ME: dammit i have the right to know
ME: so are you going to talk to me?
HIM: yeah but not now
HIM: i need to clear my head
ME: ok then i see you don't want to talk to me right now
HIM: i never said that
ME: well you're not talking to me
ME: and you said not now
HIM: no
HIM: i said that i need time to think about the stuff i want to ask you
ME: just tell me
HIM: i thought you were talking about what i wanted to talk about
HIM: no i cant
ME: why not?
ME: what's so hard?
HIM: cause i don't even know
ME: if you want the phone i'll call you
ME: but i want to know now
ME: you can't leave me here wondering if our relationship is at stake or something, you can't just do that.
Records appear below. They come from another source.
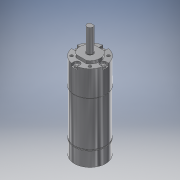
# Autodesk Inventor part: 730RPM Motor Mockup
Saved by Autodesk Inventor 2017 (Build 210142000, 142)
## iProperties
Created: 2019-01-30
Part Number: 730RPM Motor Mockup
Material: Generic
Document SubType Name: Modeling
Designer: cresswnd
Density: 1 g/cm^3
Appearance: Aluminum - Polished
Author: cresswnd
Autodesk Inventor part; units mm, degrees
ref_plane "YZ Plane" through (0, 0, 0) normal (1, 0, 0) x (0, 1, 0)
sketch "Sketch1" plane through (0, 0, 0) normal (0, 0, 1) x (1, 0, 0)
  circle A0 centre (0, 0) radius 11
  dimension "d0" = 22
  constraints: 1 centre point, 1 coincident
  measures "d0" diameter of A0
extrude "Extrusion1" add sketch "Sketch1" against normal blind 59.1
sketch "Sketch9" plane through (0, 0, 0) normal (0, 0, 1) x (1, 0, 0)
  line L0 (0, 6) -> (0, -6)
  line L1 (-3.6056, 6) -> (3.6056, 6)
  line L2 (3.6056, -6) -> (-3.6056, -6)
  arc A0 (-3.6056, 6) -> (-3.6056, -6) centre (0, 0) ccw
  arc A1 (3.6056, -6) -> (3.6056, 6) centre (0, 0) ccw
  dimension "d19" = 6
  dimension "d20" = 12
  constraints: 6 end point, 4 point on circle, 2 centre point, 1 coincident, 1 parallel, 1 perpendicular, 1 vertical
  measures "d19" distance of A0.centre L0.start
  measures "d20" distance of L0.start L0.end
extrude "Extrusion5" add sketch "Sketch9" along normal blind 2
sketch "Sketch10" plane through (0, 0, 2) normal (0, 0, 1) x (1, 0, 0)
  circle A0 centre (0, 0) radius 2.25
  dimension "d23" = 4.5
  constraints: 1 centre point, 1 coincident
  measures "d23" diameter of A0
extrude "Extrusion6" add sketch "Sketch10" along normal blind 0.2
sketch "Sketch11" plane through (0, 0, 2.2) normal (0, 0, 1) x (1, 0, 0)
  circle A0 centre (0, 0) radius 2
  dimension "d26" = 4
  constraints: 1 centre point, 1 coincident
  measures "d26" diameter of A0
extrude "Extrusion7" add sketch "Sketch11" along normal blind 16
sketch "Sketch12" plane through (0, 0, 18.2) normal (0, 0, 1) x (1, 0, 0)
  circle A0 centre (0, 0) radius 2
  line L0 (0, -2) -> (0, 1.5)
  line L1 (1.3229, 1.5) -> (-1.3229, 1.5)
  dimension "d29" = 3.5
  constraints: 4 end point, 3 point on circle, 1 centre point, 1 horizontal, 1 vertical
  measures "d29" distance of L0.start L0.end
extrude "Extrusion8" cut sketch "Sketch12" against normal blind 12 contours L1 A0
ref_plane "Work Plane1" through (0, 0, -18) normal (0, 0, 1) x (1, 0, 0)
sketch "Sketch13" plane through (0, 0, -18) normal (0, 0, 1) x (1, 0, 0)
  circle A0 centre (0, 0) radius 10.8
  circle A1 centre (0, 0) radius 11 projected
  dimension "d33" = 21.6
  constraints: 1 centre point, 1 coincident
  measures "d33" diameter of A0
extrude "Extrusion9" cut sketch "Sketch13" against normal up to surface (41.1 mm away)
ref_plane "Work Plane2" through (0, 0, -48.6) normal (0, 0, -1) x (-1, 0, 0)
sketch "Sketch14" plane through (0, 0, -48.6) normal (0, 0, -1) x (-1, 0, 0)
  circle A0 centre (0, 0) radius 10.6
  circle A1 centre (0, 0) radius 10.8 projected
  dimension "d37" = 21.2
  constraints: 1 centre point, 1 coincident
  measures "d37" diameter of A0
extrude "Extrusion10" cut sketch "Sketch14" along normal blind 0.5
fillet "Fillet1" radius 0.5 1 edges at (-11, 0, -18)
fillet "Fillet2" radius 0.25 1 edges at (-10.8, 0, -49.1)
fillet "Fillet3" radius 0.25 1 edges at (-10.8, 0, -48.6)
sketch "Sketch15" plane through (0, 0, 0) normal (0, 0, 1) x (1, 0, 0)
  circle A0 centre (0, 0) radius 11 projected
  circle A1 centre (0, 0) radius 9 construction
  circle A2 centre (0, 9) radius 1.25 construction
  circle A3 centre (-9, 0) radius 1.25 construction
  circle A4 centre (9, 0) radius 1.25 construction
  circle A5 centre (0, -9) radius 1.25 construction
  line L0 (0, 0) -> (12, 12) construction
  line L1 (0, 0) -> (16.9706, 0) construction
  line L2 (12, 12) -> (-9, -9) construction
  line L3 (0, 0) -> (10, -10) construction
  line L4 (0, 0) -> (14.1421, 0) construction
  line L5 (10, -10) -> (-10.25, 10.25) construction
  circle A6 centre (6.364, 6.364) radius 1
  circle A7 centre (-6.364, 6.364) radius 1
  circle A8 centre (-6.364, -6.364) radius 1
  circle A9 centre (6.364, -6.364) radius 1
  dimension "d43" = 18
  dimension "d44" = 2.5
  dimension "d45" = 2.5
  dimension "d46" = 2.5
  dimension "d47" = 2.5
  dimension "d48" = 45
  dimension "d49" = 45
  dimension "d50" = 2
  dimension "d51" = 2
  dimension "d52" = 2
  dimension "d53" = 2
  constraints: 12 end point, 8 centre point, 6 point on line, 2 equal length, 2 horizontal, 1 coincident, 10 other
  measures "d44" diameter of A2
  measures "d45" diameter of A3
  measures "d46" diameter of A4
  measures "d47" diameter of A5
  measures "d48" angle of L1 L0
  measures "d49" angle of L3 L4
  measures "d50" diameter of A6
  measures "d51" diameter of A7
  measures "d52" diameter of A8
  measures "d53" diameter of A9
extrude "Extrusion11" cut sketch "Sketch15" against normal blind 4 contours A6 | A7 | A8 | A9
sketch "Sketch16" plane through (0, 0, 0) normal (0, 0, 1) x (1, 0, 0)
  circle A0 centre (0, 0) radius 9 construction
  circle A1 centre (0, 0) radius 11 projected
  line L0 (-2, 9) -> (-2, 10.8167)
  line L1 (2, 9) -> (2, 10.8167)
  arc A2 (-2, 9) -> (2, 9) centre (0, 9) ccw
  line L2 (-2, -9) -> (-2, -10.8167)
  line L3 (2, -9) -> (2, -10.8167)
  arc A3 (2, -9) -> (-2, -9) centre (0, -9) ccw
  arc A4 (-9, -2) -> (-9, 2) centre (-9, 0) ccw
  line L4 (-9, 2) -> (-10.8167, 2)
  line L5 (-9, -2) -> (-10.8167, -2)
  line L6 (0, 0) -> (0, 2)
  arc A5 (9, 2) -> (9, -2) centre (9, 0) ccw
  line L7 (9, 2) -> (10.8167, 2)
  line L8 (9, -2) -> (10.8167, -2)
  arc A6 (2, 10.8167) -> (-2, 10.8167) centre (0, 0) ccw
  arc A7 (-10.8167, 2) -> (-10.8167, -2) centre (0, 0) ccw
  arc A8 (10.8167, -2) -> (10.8167, 2) centre (0, 0) ccw
  arc A9 (-2, -10.8167) -> (2, -10.8167) centre (0, 0) ccw
  dimension "d56" = 18
  dimension "d58" = 4
  constraints: 20 point on circle, 18 end point, 8 centre point, 5 symmetric about line, 3 vertical, 2 tangent, 1 coincident, 1 concentric, 1 horizontal, 1 horizontal alignment, 1 parallel, 3 other
  measures "d58" diameter of A4
extrude "Extrusion12" cut sketch "Sketch16" against normal blind 2 contours A1 L8 A5 L7 | L1 A2 L0 A1 | A1 L2 A3 L3 | L4 A4 L5 A1
sketch "Sketch17" plane through (0, 0, -2) normal (0, 0, 1) x (1, 0, 0)
  circle A0 centre (0, 0) radius 9 construction
  circle A1 centre (0, 9) radius 1.5 construction
  circle A2 centre (0, 9) radius 1.5
  circle A3 centre (-9, 0) radius 1.5
  circle A4 centre (0, -9) radius 1.5
  circle A5 centre (9, 0) radius 1.5
  dimension "d61" = 18
  dimension "d62" = 3
  dimension "d63" = 3
  dimension "d64" = 3
  dimension "d65" = 3
  constraints: 6 centre point, 4 point on circle, 2 coincident, 1 concentric
  measures "d61" diameter of A0
  measures "d62" diameter of A1
  measures "d63" diameter of A3
  measures "d64" diameter of A4
  measures "d65" diameter of A5
extrude "Extrusion13" add sketch "Sketch17" along normal blind 1.25
fillet "Fillet4" radius 0.5 4 edges at (-1.5, 9, -0.75) (7.5, 0, -0.75) (-1.5, -9, -0.75) (-10.5, 0, -0.75)
body "Solid1"
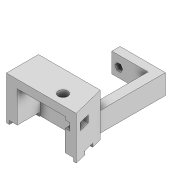
# Autodesk Inventor part: Part2
Saved by Autodesk Inventor 2022 (Build 260153000, 153)
## iProperties
Created: 2021-06-22
Part Number: Part2
Material: Generic
Document SubType Name: Modeling
Designer: Prajwal Patil
Density: 1 g/cm^3
Appearance: Default
Author: Prajwal Patil
Autodesk Inventor part; units mm, degrees
ref_plane "YZ Plane" through (0, 0, 0) normal (1, 0, 0) x (0, 1, 0)
ref_plane "XZ Plane" through (0, 0, 0) normal (0, 1, 0) x (-1, 0, 0)
sketch "Sketch1" plane through (0, 0, 0) normal (0, 0, 1) x (1, 0, 0)
  line L0 (-33.8514, 24.552) -> (33.4586, 24.552)
  line L1 (33.4586, 24.552) -> (33.4586, -22.438)
  line L2 (33.4586, -22.438) -> (-33.8514, -22.438)
  line L3 (-33.8514, -22.438) -> (-33.8514, 24.552)
  line L4 (33.4586, -22.438) -> (33.4586, -16.088)
  line L5 (33.4586, -16.088) -> (23.2986, -16.088)
  line L6 (23.2986, -16.088) -> (23.2986, 5.502)
  line L7 (23.2986, 5.502) -> (33.4586, 5.502)
  point P0 (0, 0)
  dimension "d0" = 67.31
  dimension "d1" = 46.99
  dimension "d10" = 6.35
  dimension "d11" = 10.16
  dimension "d12" = 21.59
  constraints: 16 end point, 4 perpendicular, 2 parallel, 2 point on line, 1 horizontal
  measures "d0" distance of L1.end L2.end
  measures "d1" distance of L0.end L1.end
  measures "d10" distance of L1.end L4.end
  measures "d11" distance of L4.end L5.end
  measures "d12" distance of L5.end L6.end
ref_plane "Work Plane3" through (-33.8514, -22.438, 0) normal (0, 0, 1) x (0, 1, 0)
ref_plane "Work Plane4" through (-33.8514, -22.438, 35.052) normal (0, 0, 1) x (0, 1, 0)
sketch "Sketch3" plane through (-33.8514, -22.438, 35.052) normal (0, 0, 1) x (0, 1, 0)
  line L0 (0, 0) -> (46.99, 0)
  line L1 (46.99, 0) -> (46.99, -76.2)
  line L2 (46.99, -76.2) -> (0, -76.2)
  line L3 (0, -76.2) -> (0, 0)
  point P0 (22.438, -33.8514)
  dimension "d4" = 46.99
  dimension "d5" = 76.2
  constraints: 8 end point, 2 parallel, 1 horizontal, 1 perpendicular
  measures "d4" distance of L1.end L2.end
  measures "d5" distance of L0.end L1.end
loft "Loft1" add profiles "Sketch3", "Sketch1"
sketch "Sketch5" plane through (33.4586, -22.438, 0) normal (0, 0, -1) x (-1, 0, 0)
  line L0 (67.31, 0) -> (67.31, 46.99) projected
  line L1 (-8.89, 0) -> (67.31, 0) projected
  circle A0 centre (42.037, 16.383) radius 3.683
  circle A1 centre (42.037, 16.383) radius 2.159
  point P0 (33.4586, 22.438)
  dimension "d17" = 7.366
  dimension "d20" = 4.318
  constraints: 2 centre point, 1 coincident
  measures "d17" diameter of A0
  measures "d20" diameter of A1
extrude "Extrusion1" add sketch "Sketch1" against normal blind 71.12 contours L1 L5 L6 L7
extrude "Extrusion4" cut sketch "Sketch5" along normal through all both and the other way through all contours A1
extrude "Extrusion5" cut sketch "Sketch5" against normal blind 3.81 contours A0 | A1
sketch "Sketch7" plane through (23.2986, -16.088, 0) normal (-1, 0, 0) x (0, 0, 1)
  point P0 (0, 16.088)
sketch "Sketch8" plane through (23.2986, -16.088, 0) normal (-1, 0, 0) x (0, 0, 1)
  line L0 (0, 0) -> (-71.12, 0) projected
  line L1 (0, 21.59) -> (-71.12, 21.59) projected
  line L2 (-71.12, 0) -> (-62.23, 0)
  line L3 (-62.23, 0) -> (-62.23, 21.59)
  line L4 (-62.23, 21.59) -> (-71.12, 21.59)
  line L5 (-71.12, 21.59) -> (-71.12, 0)
  point P0 (0, 16.088)
  dimension "d27" = 8.89
  constraints: 8 end point, 2 parallel, 1 horizontal, 1 perpendicular, 1 point on line
  measures "d27" distance of L4.end L3.end
extrude "Extrusion6" add sketch "Sketch8" along normal blind 39.37
sketch "Sketch9" plane through (0, 0, -71.12) normal (0, 0, -1) x (-1, 0, 0)
  line L0 (16.0714, 5.502) -> (16.0714, -16.088) projected
  line L1 (-33.4586, -16.088) -> (16.0714, -16.088) projected
  circle A0 centre (8.5784, -6.055) radius 2.54
  point P0 (0, 0)
  dimension "d34" = 5.08
  constraints: 1 centre point, 1 coincident
  measures "d34" diameter of A0
extrude "Extrusion7" cut sketch "Sketch9" against normal blind 39.37
sketch "Sketch10" plane through (-33.8514, -22.438, 35.052) normal (0, -1, 0) x (1, 0, 0)
  line L0 (67.31, -35.052) -> (67.31, -106.172) projected
  line L1 (67.31, -35.052) -> (70.1199, -23.9728)
  line L2 (76.2, 0) -> (67.31, -35.052) projected
  line L3 (70.1199, -23.9728) -> (64.2779, -23.9728)
  line L4 (64.2779, -23.9728) -> (64.2779, -24.9888)
  line L5 (64.2779, -24.9888) -> (11.9539, -24.9888)
  line L6 (11.9539, -24.9888) -> (11.9539, -23.9728)
  line L7 (11.9539, -23.9728) -> (3.1655, -23.9728)
  line L8 (3.1655, -23.9728) -> (3.1655, 0)
  line L9 (0, 0) -> (76.2, 0) projected
  line L10 (76.2, 0) -> (73.0154, -12.5564)
  line L11 (76.2, 0) -> (73.152, 0)
  line L12 (73.152, 0) -> (73.0154, -12.5564)
  line L13 (73.0154, -12.5564) -> (70.1199, -23.9728)
  line L14 (73.152, 0) -> (3.1655, 0)
  line L15 (11.9539, -23.9728) -> (11.9539, 0)
  line L16 (64.2779, -23.9728) -> (64.2779, 0)
  line L17 (11.9539, 0) -> (7.1279, 0)
  circle A0 centre (7.1279, -5.334) radius 1.27
  line L18 (11.9539, -23.9728) -> (7.1279, -23.9728)
  circle A1 centre (7.1279, -16.3528) radius 1.27
  line L19 (73.152, 0) -> (68.326, 0)
  line L20 (64.2779, 0) -> (69.1039, 0)
  circle A2 centre (69.1039, -5.334) radius 1.27
  line L21 (64.2779, -23.9728) -> (69.1039, -23.9728)
  circle A3 centre (69.1039, -16.3528) radius 1.27
  point P0 (33.8514, -35.052)
  point P1 (64.2779, 0)
  point P2 (11.9539, 0)
  dimension "d37" = 11.43
  dimension "d38" = 5.842
  dimension "d39" = 1.016
  dimension "d40" = 52.324
  dimension "d41" = 8.7884
  dimension "d42" = 12.954
  dimension "d43" = 3.048
  dimension "d48" = 4.826
  dimension "d50" = 2.54
  dimension "d52" = 2.54
  dimension "d56" = 4.826
  dimension "d58" = 2.54
  dimension "d59" = 4.826
  dimension "d61" = 2.54
  constraints: 38 end point, 13 point on line, 6 perpendicular, 4 centre point, 2 collinear, 1 horizontal
  measures "d37" distance of L0.start L1.end
  measures "d38" distance of L1.end L3.end
  measures "d39" distance of L3.end L4.end
  measures "d40" distance of L4.end L5.end
  measures "d41" distance of L6.end L7.end
  measures "d42" distance of L2.start L10.end
  measures "d43" distance of L2.start L11.end
  measures "d48" distance of L15.end L17.end
  measures "d50" diameter of A0
  measures "d52" diameter of A1
  measures "d56" distance of L16.end L20.end
  measures "d58" diameter of A2
  measures "d59" distance of L3.end L21.end
  measures "d61" diameter of A3
extrude "Extrusion8" cut sketch "Sketch10" against normal blind 38.1 contours L4 L5 L6 L15 L9 L16
extrude "Extrusion9" cut sketch "Sketch10" against normal blind 3.81 contours L2 L3 L16 L9 L12 | L15 L7 L8 L9 | A0 | A1 | A2 | A3
sketch "Sketch15" plane through (-33.8514, -18.628, 35.052) normal (0, -1, 0) x (1, 0, 0)
  line L0 (11.9539, -24.9888) -> (11.9539, 0) projected
  line L1 (11.9539, -23.9729) -> (11.9539, -16.3529)
  line L2 (11.9539, -16.3529) -> (7.1279, -16.3529)
  circle A0 centre (7.1279, -16.3529) radius 1.27
  line L3 (11.9539, 0) -> (64.2779, 0) projected
  line L4 (11.9539, 0) -> (7.1279, 0)
  line L5 (3.1655, 0) -> (11.9539, 0) projected
  circle A1 centre (7.1279, -5.334) radius 1.27
  point P0 (33.8514, -35.052)
  dimension "d64" = 7.62
  dimension "d65" = 4.826
  dimension "d66" = 2.54
  dimension "d70" = 2.54
  constraints: 6 end point, 3 point on line, 2 centre point, 1 coincident, 1 horizontal
  measures "d64" distance of L1.start L1.end
  measures "d65" distance of L1.end L2.end
  measures "d66" diameter of A0
  measures "d70" diameter of A1
extrude "Extrusion11" cut sketch "Sketch15" against normal blind 10.16 contours A0
sketch "Sketch14" plane through (-33.8514, -18.628, 35.052) normal (0, -1, 0) x (1, 0, 0)
  point P0 (33.8514, -35.052)
extrude "Extrusion12" cut sketch "Sketch15" against normal blind 10.16 contours A1
sketch "Sketch16" plane through (-33.8514, -18.628, 35.052) normal (0, -1, 0) x (1, 0, 0)
  line L0 (11.9539, 0) -> (64.2779, 0) projected
  line L1 (64.2779, 0) -> (69.1039, 0)
  line L2 (0, 0) -> (76.2, 0) projected
  circle A0 centre (69.1039, -5.334) radius 1.27
  line L3 (64.2779, -23.9728) -> (64.2779, -24.9888) projected
  line L4 (64.2779, -23.9728) -> (69.1039, -23.9728)
  line L5 (70.1199, -23.9728) -> (64.2779, -23.9728) projected
  circle A1 centre (69.1039, -16.3528) radius 1.27
  point P0 (33.8514, -35.052)
  dimension "d73" = 4.826
  dimension "d75" = 2.54
  dimension "d76" = 4.826
  dimension "d78" = 2.54
  constraints: 4 end point, 2 centre point, 2 point on line
  measures "d73" distance of L0.end L1.end
  measures "d75" diameter of A0
  measures "d76" distance of L3.start L4.end
  measures "d78" diameter of A1
extrude "Extrusion13" cut sketch "Sketch16" against normal blind 10.16
sketch "Sketch17" plane through (-33.8514, 15.662, 35.052) normal (0, -1, 0) x (1, 0, 0)
  line L0 (64.2779, -23.9728) -> (64.2779, 0) projected
  line L1 (64.2779, 0) -> (50.3079, 0)
  line L2 (11.9539, 0) -> (64.2779, 0) projected
  circle A0 centre (50.3079, -11.43) radius 3.81
  point P0 (33.8514, -35.052)
  dimension "d81" = 13.97
  dimension "d83" = 7.62
  constraints: 2 end point, 1 centre point, 1 point on line
  measures "d81" distance of L0.end L1.end
  measures "d83" diameter of A0
extrude "Extrusion14" cut sketch "Sketch17" against normal through all
sketch "Sketch18" plane through (-33.8514, 24.552, 35.052) normal (0, 1, 0) x (1, 0, 0)
  circle A0 centre (50.3079, 11.43) radius 3.81 projected
  circle A1 centre (50.3079, 11.43) radius 5.207
  point P0 (33.8514, 35.052)
  dimension "d86" = 10.414
  constraints: 1 centre point, 1 coincident
  measures "d86" diameter of A1
extrude "Extrusion15" cut sketch "Sketch18" against normal blind 6.35 contours A0 | A1
sketch "Sketch19" plane through (30.4266, -22.438, 10.0632) normal (-1, 0, 0) x (0, 0, 1)
  line L0 (24.9888, 38.1) -> (0, 38.1) projected
  line L1 (24.9888, 38.1) -> (24.9888, 3.81) projected
  line L2 (24.9888, 34.798) -> (7.7168, 34.798)
  line L3 (7.7168, 34.798) -> (7.7168, 27.178)
  line L4 (7.7168, 27.178) -> (24.9888, 27.178)
  point P0 (-10.0632, 22.438)
  dimension "d89" = 3.302
  dimension "d90" = 17.272
  dimension "d91" = 7.62
  constraints: 6 end point, 2 point on line, 1 horizontal, 1 perpendicular, 1 vertical
  measures "d89" distance of L0.start L2.start
  measures "d90" distance of L2.start L2.end
  measures "d91" distance of L2.end L3.end
extrude "Extrusion16" cut sketch "Sketch19" against normal blind 5.08
sketch "Sketch20" plane through (42.3486, -22.438, 35.052) normal (0.9693105, 0, -0.2458396) x (-0.2458396, 0, -0.9693105)
  line L0 (0, 46.99) -> (36.1618, 46.99) projected
  line L1 (0, 46.99) -> (0, 34.798)
  line L2 (0, 46.99) -> (0, 0) projected
  line L3 (0, 34.798) -> (5.842, 34.798) construction
  line L4 (5.842, 34.798) -> (5.842, 27.178)
  line L5 (5.842, 27.178) -> (17.526, 27.178)
  line L6 (17.526, 27.178) -> (17.526, 34.798)
  line L7 (17.526, 34.798) -> (5.842, 34.798)
  point P0 (44.3872, 22.438)
  dimension "d94" = 12.192
  dimension "d98" = 11.684
  constraints: 12 end point, 1 horizontal, 1 perpendicular, 1 point on line
  measures "d94" distance of L0.start L1.end
  measures "d98" distance of L4.end L5.end
extrude "Extrusion17" cut sketch "Sketch20" against normal blind 11.938
sketch "Sketch21" plane through (35.5066, -22.438, 10.0632) normal (-1, 0, 0) x (0, 0, 1)
  line L0 (7.7168, 27.178) -> (7.7168, 34.798) projected
  line L1 (7.7168, 34.798) -> (8.6432, 34.798) projected
  line L2 (7.7168, 34.798) -> (8.6432, 34.798)
  line L3 (8.6432, 27.178) -> (8.6432, 34.798) projected
  line L4 (8.6432, 34.798) -> (8.6432, 27.178)
  line L5 (24.9888, 27.178) -> (7.7168, 27.178) projected
  line L6 (8.6432, 27.178) -> (7.7168, 27.178)
  line L7 (7.7168, 27.178) -> (7.7168, 34.798)
  point P0 (-10.0632, 22.438)
  constraints: 8 end point, 2 collinear, 2 perpendicular
extrude "Extrusion18" cut sketch "Sketch21" against normal blind 11.938
sketch "Sketch22" plane through (23.2986, -16.088, -62.23) normal (0, 0, 1) x (1, 0, 0)
  circle A0 centre (-31.877, 10.033) radius 2.54 projected
  line L0 (-29.5969, 6.3661) -> (-33.9126, 6.2249)
  line L1 (-33.9126, 6.2249) -> (-36.1927, 9.8919)
  line L2 (-36.1927, 9.8919) -> (-34.1571, 13.6999)
  line L3 (-34.1571, 13.6999) -> (-29.8414, 13.8411)
  line L4 (-29.8414, 13.8411) -> (-27.5613, 10.1741)
  line L5 (-27.5613, 10.1741) -> (-29.5969, 6.3661)
  point P0 (-23.2986, 16.088)
  constraints: 12 end point, 1 coincident, 13 other
extrude "Extrusion20" cut sketch "Sketch22" against normal blind 5.08 contours A0 | L0 L1 L2 L3 L4 L5
body "Solid1"

HIM: you shouldn't say that....i should be asking YOU that
ME: why!?!? i have nothing to ask
ME: i'm not the one saying i need to clear my head
ME: and you taking real long to answer does not help the situation
HIM: don't worry melina
HIM: im not going to break up with you or ask for a break
HIM: it's just simple questions that are too hard to figure out right now
HIM: well for me at least
ME: well then it's something as serious
ME: if they're so simple why can't you just share them with me then?
ME: how can i not worry if all the worst times in our relationship always starts like this?
ME: how can you expect me not to worry!!?!?!
HIM: look melina
HIM: it's nothing bad
HIM: trust me
ME: well you sure are making it out to be like that
HIM: dont you just have those days where everything in your head is cluttered and you start to question things?
HIM: no i'm not
ME: and if it's not bad how come you can't tell me
HIM: YOU'RE making the big deal out of it
ME: well you know what then, i'm sorry for caring enough to worry
HIM: all i said is that i have some questions that i cant ask right now and that i cant ask them becasue i need to think about them
HIM: thanks for caring melina but dont worry


HOW THE HELL DOES HE NOT EXPECT ME TO WORRY!?